The culture of India is one of the oldest cultures known to humanity. In modern India, there is remarkable cultural diversity throughout the country. The South, North, and Northeast have their own distinct cultures and almost every state has carved out its own cultural niche.
The cultural policy of the Government of India has three major objectives:
- Preserving the cultural heritage of India,
- inculcating Indian art consciousness amongst Indians and
- promoting high standards in creative and performing arts.
The by far most, total endearing aspects of Indian art and architecture prior to colonization has been the strong impact of religious and folk idioms and folk art on courtly art. Although folk art received little encouragement during the period of colonization, independence brought forward a renewed interest in folk paintings.
Indians join their hands (palms together) and bow slightly in front of the other person, and say Namaste (Sanskrit for "I bow unto you" or "I salute the divine in thee") or Namaskar (derived from Sanskrit for "salutations") or variants in other Indian languages. This custom comes from a Hindu understanding that each person is inherently divine, and for this reason many Indians will gently touch their hands to their forehead and then to their heart, indicating the third eye and heart.
Festivals in India are characterized by colour, gaiety, enthusiasm, prayers and rituals. The majority are from the Hindu tradition, one of the most popular festivals being Diwali/Deepavali; the legends associated with it are drawn from the Hindu epic Ramayana and the Devi Mahatmya, depending on the region. Other popular Hindu festivals include Navaratri/Dasara (which is held in celebration of the Hindu goddess Durga), the final and ninth day of which culminates in a massive Durga Puja; it is most popular in West Bengal), Pongal/Sankranti (which is held as a thanksgiving for the harvest to the elements and cattle), Ganesh Chaturthi (a fourteen-day festival dedicated to the Hindu God Ganesh and is most popular in Maharashtra and Ugadi/Gudi Padva).
However, as India is home to many more religions viz. Islam, Sikhism, Jainism, Buddhism, Judaism, etc. festivals in India include festivities of these faiths as well.

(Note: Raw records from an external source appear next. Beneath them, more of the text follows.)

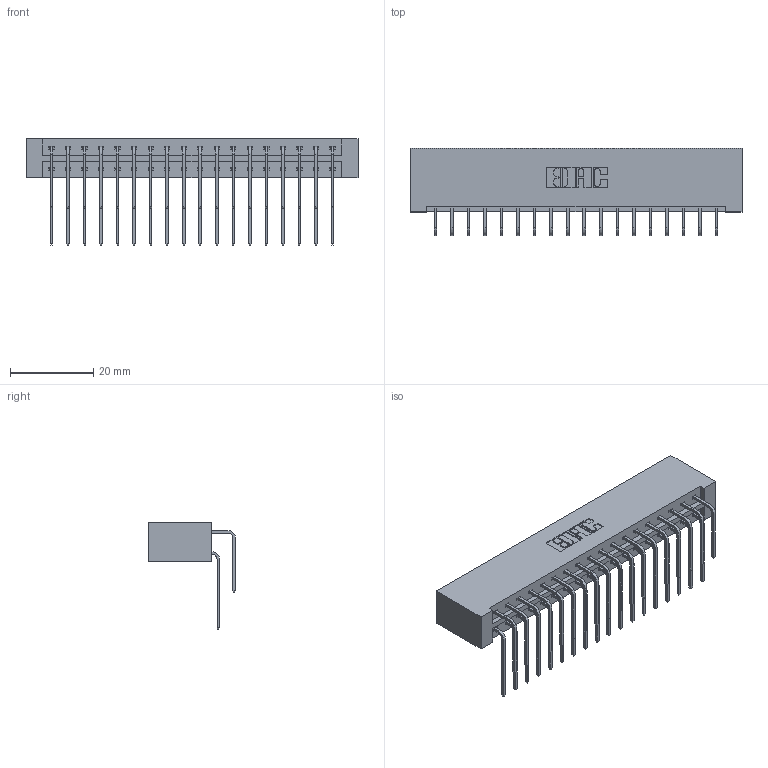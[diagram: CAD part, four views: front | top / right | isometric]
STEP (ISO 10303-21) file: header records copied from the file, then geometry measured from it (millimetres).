
FILE_DESCRIPTION (( 'STEP AP203' ), '1' );
FILE_NAME ('833-036-559-201.STEP', '2020-06-03T04:07:51', ( '' ), ( '' ), 'SwSTEP 2.0', 'SolidWorks 2020', '' );
FILE_SCHEMA (( 'CONFIG_CONTROL_DESIGN' ));
Length unit declared in the file: inch
Products named in the file (4): 833 Part_Lugless; 833-036-559-201; 345-292-001_559 Tail - 2; 345-292-001_558 559 Tail - 1
Assembly tree (37 placements, depth 2):
  833-036-559-201
    833 Part_Lugless
    345-292-001_558 559 Tail - 1  x18
    345-292-001_559 Tail - 2  x18
Bounding box: 79.58 x 20.9 x 25.53 mm (x, y, z)
Volume: 8739.9 mm3; surface area: 11133.7 mm2
Topology: 37 solids, 37 shells, 2050 faces, 6083 edges, 4006 vertices
Faces by surface type: plane 1434, cylinder 616
Entity records: 16191 total; most frequent: CARTESIAN_POINT 2761, ORIENTED_EDGE 2646, DIRECTION 2375, EDGE_CURVE 1323, LINE 1163, VECTOR 1163, VERTEX_POINT 878, AXIS2_PLACEMENT_3D 606
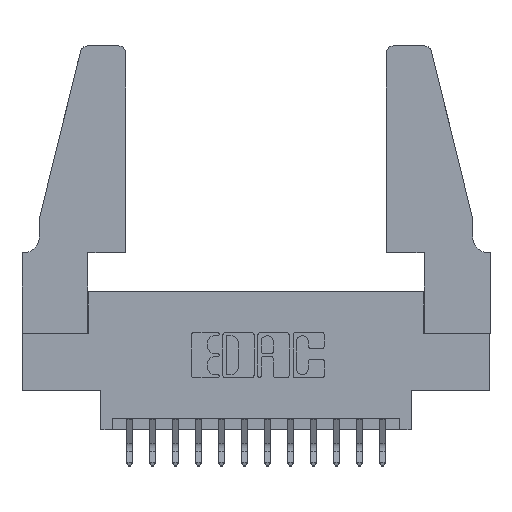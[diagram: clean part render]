
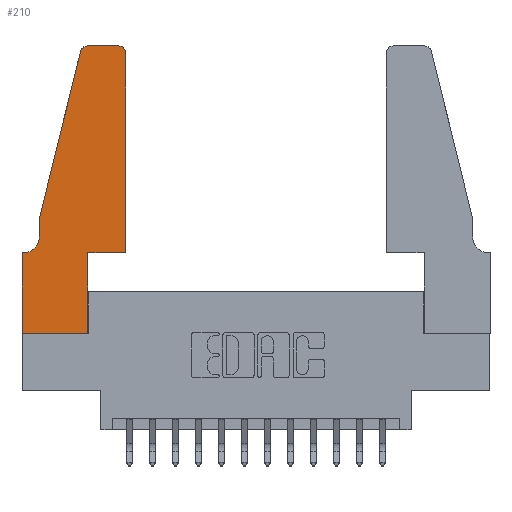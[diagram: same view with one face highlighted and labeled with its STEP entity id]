
A CAD part, top view. The second image highlights one B-rep face of the part: STEP entity #210.
In plain terms, the highlighted planar face has unit normal (0, 0, 1).
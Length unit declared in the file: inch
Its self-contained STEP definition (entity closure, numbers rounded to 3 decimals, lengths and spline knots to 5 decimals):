
#34 = VERTEX_POINT ( 'NONE', #6050 ) ;
#80 = AXIS2_PLACEMENT_3D ( 'NONE', #14426, #7247, #15628 ) ;
#141 = LINE ( 'NONE', #9785, #15775 ) ;
#210 = ADVANCED_FACE ( 'NONE', ( #8668 ), #11035, .T. ) ;
#488 = VERTEX_POINT ( 'NONE', #12909 ) ;
#512 = VERTEX_POINT ( 'NONE', #13639 ) ;
#613 = VERTEX_POINT ( 'NONE', #13097 ) ;
#670 = EDGE_CURVE ( 'NONE', #6640, #1309, #4222, .T. ) ;
#674 = AXIS2_PLACEMENT_3D ( 'NONE', #11312, #4036, #12536 ) ;
#703 = ORIENTED_EDGE ( 'NONE', *, *, #11431, .T. ) ;
#826 = EDGE_CURVE ( 'NONE', #4582, #512, #5602, .T. ) ;
#1222 = LINE ( 'NONE', #3550, #10787 ) ;
#1289 = CARTESIAN_POINT ( 'NONE',  ( 0.0755, 0.42, 0.37 ) ) ;
#1309 = VERTEX_POINT ( 'NONE', #4871 ) ;
#1367 = CARTESIAN_POINT ( 'NONE',  ( 0.2865, 0.35, 0.37 ) ) ;
#1469 = CIRCLE ( 'NONE', #674, 0.03 ) ;
#1607 = LINE ( 'NONE', #6819, #14330 ) ;
#1723 = EDGE_LOOP ( 'NONE', ( #11288, #7742, #703, #9285, #7589, #2395, #12884, #3925, #10814, #12715, #1981, #7675 ) ) ;
#1981 = ORIENTED_EDGE ( 'NONE', *, *, #15617, .T. ) ;
#2284 = DIRECTION ( 'NONE',  ( -1., 0., 0. ) ) ;
#2395 = ORIENTED_EDGE ( 'NONE', *, *, #2991, .T. ) ;
#2481 = EDGE_CURVE ( 'NONE', #3136, #34, #13458, .T. ) ;
#2991 = EDGE_CURVE ( 'NONE', #1309, #9546, #7054, .T. ) ;
#3136 = VERTEX_POINT ( 'NONE', #3910 ) ;
#3550 = CARTESIAN_POINT ( 'NONE',  ( 0., 0., 0.37 ) ) ;
#3614 = EDGE_CURVE ( 'NONE', #13927, #10597, #1222, .T. ) ;
#3754 = VECTOR ( 'NONE', #7774, 39.37008 ) ;
#3910 = CARTESIAN_POINT ( 'NONE',  ( 0.4205, 1.25, 0.37 ) ) ;
#3925 = ORIENTED_EDGE ( 'NONE', *, *, #3614, .T. ) ;
#4036 = DIRECTION ( 'NONE',  ( 0., 0., 1. ) ) ;
#4091 = EDGE_CURVE ( 'NONE', #9546, #13927, #1607, .T. ) ;
#4222 = CIRCLE ( 'NONE', #13141, 0.07 ) ;
#4377 = CARTESIAN_POINT ( 'NONE',  ( 0.4505, 0.35, 0.37 ) ) ;
#4582 = VERTEX_POINT ( 'NONE', #1367 ) ;
#4647 = DIRECTION ( 'NONE',  ( -0.239, -0.971, 0. ) ) ;
#4838 = DIRECTION ( 'NONE',  ( 0., -1., 0. ) ) ;
#4871 = CARTESIAN_POINT ( 'NONE',  ( 0.0055, 0.35, 0.37 ) ) ;
#4968 = DIRECTION ( 'NONE',  ( 0., 1., 0. ) ) ;
#5599 = VECTOR ( 'NONE', #8078, 39.37008 ) ;
#5602 = LINE ( 'NONE', #9377, #14427 ) ;
#5814 = EDGE_CURVE ( 'NONE', #15328, #3136, #7357, .T. ) ;
#6050 = CARTESIAN_POINT ( 'NONE',  ( 0.284, 1.25, 0.37 ) ) ;
#6480 = DIRECTION ( 'NONE',  ( 1., 0., 0. ) ) ;
#6528 = CARTESIAN_POINT ( 'NONE',  ( 0., 0.35, 0.37 ) ) ;
#6640 = VERTEX_POINT ( 'NONE', #1289 ) ;
#6819 = CARTESIAN_POINT ( 'NONE',  ( 0., 0., 0.37 ) ) ;
#6874 = VECTOR ( 'NONE', #4647, 39.37008 ) ;
#7054 = LINE ( 'NONE', #10958, #13073 ) ;
#7247 = DIRECTION ( 'NONE',  ( 0., 0., 1. ) ) ;
#7357 = CIRCLE ( 'NONE', #80, 0.03 ) ;
#7589 = ORIENTED_EDGE ( 'NONE', *, *, #670, .T. ) ;
#7675 = ORIENTED_EDGE ( 'NONE', *, *, #5814, .T. ) ;
#7720 = EDGE_CURVE ( 'NONE', #10597, #4582, #141, .T. ) ;
#7742 = ORIENTED_EDGE ( 'NONE', *, *, #11134, .T. ) ;
#7774 = DIRECTION ( 'NONE',  ( -1., 0., 0. ) ) ;
#7806 = AXIS2_PLACEMENT_3D ( 'NONE', #6528, #10936, #6480 ) ;
#8078 = DIRECTION ( 'NONE',  ( 0., 1., 0. ) ) ;
#8668 = FACE_OUTER_BOUND ( 'NONE', #1723, .T. ) ;
#9137 = EDGE_CURVE ( 'NONE', #488, #6640, #14981, .T. ) ;
#9285 = ORIENTED_EDGE ( 'NONE', *, *, #9137, .T. ) ;
#9377 = CARTESIAN_POINT ( 'NONE',  ( 0.4505, 0.35, 0.37 ) ) ;
#9546 = VERTEX_POINT ( 'NONE', #13969 ) ;
#9576 = DIRECTION ( 'NONE',  ( 1., 0., 0. ) ) ;
#9785 = CARTESIAN_POINT ( 'NONE',  ( 0.2865, 0.35, 0.37 ) ) ;
#10077 = LINE ( 'NONE', #15422, #6874 ) ;
#10329 = CARTESIAN_POINT ( 'NONE',  ( 0.2865, 0., 0.37 ) ) ;
#10597 = VERTEX_POINT ( 'NONE', #10329 ) ;
#10705 = DIRECTION ( 'NONE',  ( 0., 0., -1. ) ) ;
#10706 = CARTESIAN_POINT ( 'NONE',  ( 0., 0., 0.37 ) ) ;
#10787 = VECTOR ( 'NONE', #13302, 39.37008 ) ;
#10814 = ORIENTED_EDGE ( 'NONE', *, *, #7720, .T. ) ;
#10848 = CARTESIAN_POINT ( 'NONE',  ( 0.0755, 0.5, 0.37 ) ) ;
#10936 = DIRECTION ( 'NONE',  ( 0., 0., 1. ) ) ;
#10958 = CARTESIAN_POINT ( 'NONE',  ( 0.0755, 0.35, 0.37 ) ) ;
#11035 = PLANE ( 'NONE',  #7806 ) ;
#11134 = EDGE_CURVE ( 'NONE', #34, #613, #1469, .T. ) ;
#11288 = ORIENTED_EDGE ( 'NONE', *, *, #2481, .T. ) ;
#11312 = CARTESIAN_POINT ( 'NONE',  ( 0.284, 1.22, 0.37 ) ) ;
#11431 = EDGE_CURVE ( 'NONE', #613, #488, #10077, .T. ) ;
#11808 = VECTOR ( 'NONE', #4838, 39.37008 ) ;
#12002 = LINE ( 'NONE', #4377, #5599 ) ;
#12278 = CARTESIAN_POINT ( 'NONE',  ( 0.4505, 1.22, 0.37 ) ) ;
#12536 = DIRECTION ( 'NONE',  ( 1., 0., 0. ) ) ;
#12715 = ORIENTED_EDGE ( 'NONE', *, *, #826, .T. ) ;
#12884 = ORIENTED_EDGE ( 'NONE', *, *, #4091, .T. ) ;
#12909 = CARTESIAN_POINT ( 'NONE',  ( 0.0755, 0.5, 0.37 ) ) ;
#13073 = VECTOR ( 'NONE', #2284, 39.37008 ) ;
#13097 = CARTESIAN_POINT ( 'NONE',  ( 0.25487, 1.22718, 0.37 ) ) ;
#13141 = AXIS2_PLACEMENT_3D ( 'NONE', #13445, #10705, #13415 ) ;
#13302 = DIRECTION ( 'NONE',  ( 1., 0., 0. ) ) ;
#13415 = DIRECTION ( 'NONE',  ( -1., 0., 0. ) ) ;
#13445 = CARTESIAN_POINT ( 'NONE',  ( 0.0055, 0.42, 0.37 ) ) ;
#13458 = LINE ( 'NONE', #14929, #3754 ) ;
#13639 = CARTESIAN_POINT ( 'NONE',  ( 0.4505, 0.35, 0.37 ) ) ;
#13927 = VERTEX_POINT ( 'NONE', #10706 ) ;
#13969 = CARTESIAN_POINT ( 'NONE',  ( 0., 0.35, 0.37 ) ) ;
#14002 = DIRECTION ( 'NONE',  ( 0., -1., 0. ) ) ;
#14330 = VECTOR ( 'NONE', #14002, 39.37008 ) ;
#14426 = CARTESIAN_POINT ( 'NONE',  ( 0.4205, 1.22, 0.37 ) ) ;
#14427 = VECTOR ( 'NONE', #9576, 39.37008 ) ;
#14929 = CARTESIAN_POINT ( 'NONE',  ( 0.2605, 1.25, 0.37 ) ) ;
#14981 = LINE ( 'NONE', #10848, #11808 ) ;
#15328 = VERTEX_POINT ( 'NONE', #12278 ) ;
#15422 = CARTESIAN_POINT ( 'NONE',  ( 0.0755, 0.5, 0.37 ) ) ;
#15617 = EDGE_CURVE ( 'NONE', #512, #15328, #12002, .T. ) ;
#15628 = DIRECTION ( 'NONE',  ( 1., 0., 0. ) ) ;
#15775 = VECTOR ( 'NONE', #4968, 39.37008 ) ;
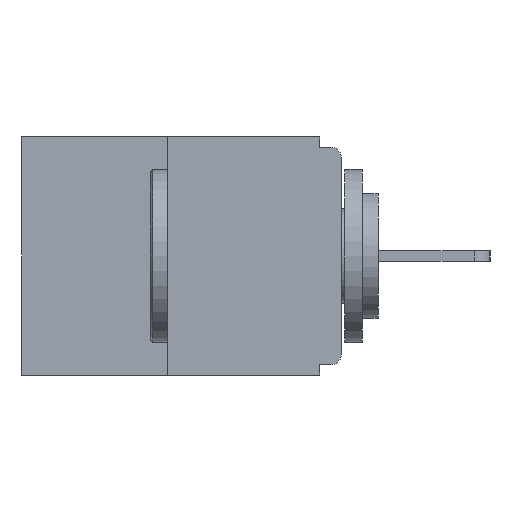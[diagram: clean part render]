
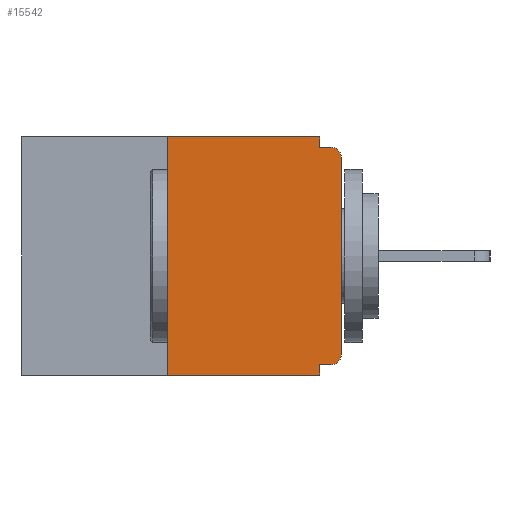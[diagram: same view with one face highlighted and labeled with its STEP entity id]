
A CAD part, left-side view. The second image highlights one B-rep face of the part: STEP entity #15542.
In plain terms, the highlighted planar face has unit normal (-1, 0, 0).
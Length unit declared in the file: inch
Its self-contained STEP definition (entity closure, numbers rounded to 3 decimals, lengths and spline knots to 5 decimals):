
#125 = LINE ( 'NONE', #11030, #9283 ) ;
#312 = LINE ( 'NONE', #11423, #6048 ) ;
#386 = DIRECTION ( 'NONE',  ( -1., 0., 0. ) ) ;
#393 = CIRCLE ( 'NONE', #18267, 0.015 ) ;
#620 = CARTESIAN_POINT ( 'NONE',  ( 0., 0.031, -0.015 ) ) ;
#1008 = VERTEX_POINT ( 'NONE', #6052 ) ;
#1010 = ORIENTED_EDGE ( 'NONE', *, *, #10352, .F. ) ;
#1065 = VERTEX_POINT ( 'NONE', #3503 ) ;
#1113 = DIRECTION ( 'NONE',  ( 0., -1., 0. ) ) ;
#1258 = EDGE_CURVE ( 'NONE', #16140, #1065, #11943, .T. ) ;
#1380 = PLANE ( 'NONE',  #2377 ) ;
#1738 = DIRECTION ( 'NONE',  ( 0., 0., -1. ) ) ;
#2227 = LINE ( 'NONE', #9653, #19241 ) ;
#2377 = AXIS2_PLACEMENT_3D ( 'NONE', #6243, #17137, #16841 ) ;
#2509 = VERTEX_POINT ( 'NONE', #4200 ) ;
#2587 = CARTESIAN_POINT ( 'NONE',  ( 0., 0., 0. ) ) ;
#2750 = ORIENTED_EDGE ( 'NONE', *, *, #12392, .T. ) ;
#3168 = ORIENTED_EDGE ( 'NONE', *, *, #14890, .F. ) ;
#3503 = CARTESIAN_POINT ( 'NONE',  ( 0., 0., -0.03 ) ) ;
#4089 = CARTESIAN_POINT ( 'NONE',  ( 0., 0.015, -0.328 ) ) ;
#4200 = CARTESIAN_POINT ( 'NONE',  ( 0., 0.031, 0. ) ) ;
#4229 = ORIENTED_EDGE ( 'NONE', *, *, #18768, .F. ) ;
#4237 = ORIENTED_EDGE ( 'NONE', *, *, #8215, .T. ) ;
#4526 = VECTOR ( 'NONE', #1113, 39.37008 ) ;
#4581 = CARTESIAN_POINT ( 'NONE',  ( 0., 0.031, -0.328 ) ) ;
#5052 = VECTOR ( 'NONE', #15560, 39.37008 ) ;
#5890 = AXIS2_PLACEMENT_3D ( 'NONE', #7936, #386, #1738 ) ;
#5904 = VERTEX_POINT ( 'NONE', #16400 ) ;
#6048 = VECTOR ( 'NONE', #14278, 39.37008 ) ;
#6052 = CARTESIAN_POINT ( 'NONE',  ( 0., 0.25, -0.343 ) ) ;
#6218 = VECTOR ( 'NONE', #7395, 39.37008 ) ;
#6243 = CARTESIAN_POINT ( 'NONE',  ( 0., 0.46, 0. ) ) ;
#6308 = LINE ( 'NONE', #15578, #17861 ) ;
#6842 = VERTEX_POINT ( 'NONE', #12179 ) ;
#7395 = DIRECTION ( 'NONE',  ( 0., 0., -1. ) ) ;
#7936 = CARTESIAN_POINT ( 'NONE',  ( 0., 0.015, -0.313 ) ) ;
#8215 = EDGE_CURVE ( 'NONE', #1065, #13302, #393, .T. ) ;
#8580 = DIRECTION ( 'NONE',  ( 0., 0., 1. ) ) ;
#9258 = CARTESIAN_POINT ( 'NONE',  ( 0., 0.46, -0.343 ) ) ;
#9283 = VECTOR ( 'NONE', #19613, 39.37008 ) ;
#9503 = CARTESIAN_POINT ( 'NONE',  ( 0., 0.031, -0.343 ) ) ;
#9653 = CARTESIAN_POINT ( 'NONE',  ( 0., 0., -0.328 ) ) ;
#10076 = VERTEX_POINT ( 'NONE', #4089 ) ;
#10077 = VERTEX_POINT ( 'NONE', #620 ) ;
#10246 = EDGE_LOOP ( 'NONE', ( #16808, #16716, #10832, #12555, #3168, #2750, #10624, #4237, #1010, #4229 ) ) ;
#10352 = EDGE_CURVE ( 'NONE', #10077, #13302, #6308, .T. ) ;
#10380 = LINE ( 'NONE', #14963, #4526 ) ;
#10596 = EDGE_CURVE ( 'NONE', #6842, #2509, #10380, .T. ) ;
#10624 = ORIENTED_EDGE ( 'NONE', *, *, #1258, .T. ) ;
#10832 = ORIENTED_EDGE ( 'NONE', *, *, #18546, .T. ) ;
#10978 = LINE ( 'NONE', #9258, #5052 ) ;
#11030 = CARTESIAN_POINT ( 'NONE',  ( 0., 0.25, 0. ) ) ;
#11092 = VECTOR ( 'NONE', #8580, 39.37008 ) ;
#11100 = CIRCLE ( 'NONE', #5890, 0.015 ) ;
#11147 = DIRECTION ( 'NONE',  ( 0., 0., -1. ) ) ;
#11423 = CARTESIAN_POINT ( 'NONE',  ( 0., 0.031, 0. ) ) ;
#11943 = LINE ( 'NONE', #2587, #11092 ) ;
#12179 = CARTESIAN_POINT ( 'NONE',  ( 0., 0.25, 0. ) ) ;
#12392 = EDGE_CURVE ( 'NONE', #10076, #16140, #11100, .T. ) ;
#12555 = ORIENTED_EDGE ( 'NONE', *, *, #14368, .F. ) ;
#12560 = LINE ( 'NONE', #9503, #6218 ) ;
#13302 = VERTEX_POINT ( 'NONE', #17628 ) ;
#14278 = DIRECTION ( 'NONE',  ( 0., 0., -1. ) ) ;
#14368 = EDGE_CURVE ( 'NONE', #19080, #5904, #12560, .T. ) ;
#14663 = CARTESIAN_POINT ( 'NONE',  ( 0., 0., -0.313 ) ) ;
#14890 = EDGE_CURVE ( 'NONE', #10076, #19080, #2227, .T. ) ;
#14963 = CARTESIAN_POINT ( 'NONE',  ( 0., 0.46, 0. ) ) ;
#15110 = FACE_OUTER_BOUND ( 'NONE', #10246, .T. ) ;
#15542 = ADVANCED_FACE ( 'NONE', ( #15110 ), #1380, .F. ) ;
#15560 = DIRECTION ( 'NONE',  ( 0., -1., 0. ) ) ;
#15578 = CARTESIAN_POINT ( 'NONE',  ( 0., 0., -0.015 ) ) ;
#15861 = DIRECTION ( 'NONE',  ( 0., 1., 0. ) ) ;
#15982 = DIRECTION ( 'NONE',  ( 0., -1., 0. ) ) ;
#16140 = VERTEX_POINT ( 'NONE', #14663 ) ;
#16400 = CARTESIAN_POINT ( 'NONE',  ( 0., 0.031, -0.343 ) ) ;
#16716 = ORIENTED_EDGE ( 'NONE', *, *, #20052, .F. ) ;
#16808 = ORIENTED_EDGE ( 'NONE', *, *, #10596, .F. ) ;
#16841 = DIRECTION ( 'NONE',  ( 0., 0., -1. ) ) ;
#17137 = DIRECTION ( 'NONE',  ( 1., 0., 0. ) ) ;
#17454 = CARTESIAN_POINT ( 'NONE',  ( 0., 0.015, -0.03 ) ) ;
#17628 = CARTESIAN_POINT ( 'NONE',  ( 0., 0.015, -0.015 ) ) ;
#17861 = VECTOR ( 'NONE', #15982, 39.37008 ) ;
#18267 = AXIS2_PLACEMENT_3D ( 'NONE', #17454, #19079, #11147 ) ;
#18546 = EDGE_CURVE ( 'NONE', #1008, #5904, #10978, .T. ) ;
#18768 = EDGE_CURVE ( 'NONE', #2509, #10077, #312, .T. ) ;
#19079 = DIRECTION ( 'NONE',  ( -1., 0., 0. ) ) ;
#19080 = VERTEX_POINT ( 'NONE', #4581 ) ;
#19241 = VECTOR ( 'NONE', #15861, 39.37008 ) ;
#19613 = DIRECTION ( 'NONE',  ( 0., 0., 1. ) ) ;
#20052 = EDGE_CURVE ( 'NONE', #1008, #6842, #125, .T. ) ;

Indian fashion is rich in tradition, vibrant in colors and truly beautiful designs. Bold colors and metallics created by the inventive drapes of these textiles catch the imagination like no other contemporary clothing.
Some Indian dress designers combine Western trends with Indian touch, creating garments which are truly outstanding.
Drama and theatre
Indian drama and theatre is perhaps as old as its music and dance. The tradition of folk theatre is alive in nearly all the linguistic regions of the country. In addition, there is a rich tradition of puppet theatre in rural India. Bollywood is a place to be for the drama lovers
The earliest literary traditions were mostly oral and were later transcribed. Most of these spring from Hindu tradition and are represented by sacred works like the Vedas, the epics of the Mahabharata and Ramayana. Sangam literature from Tamil Nadu represents some of India's oldest secular traditions. Indian writers in modern times, like Arundhati Roy, Vikram Seth, Khushwant Singh have been the cynosure of wide acclaim, both in Indian languages and English.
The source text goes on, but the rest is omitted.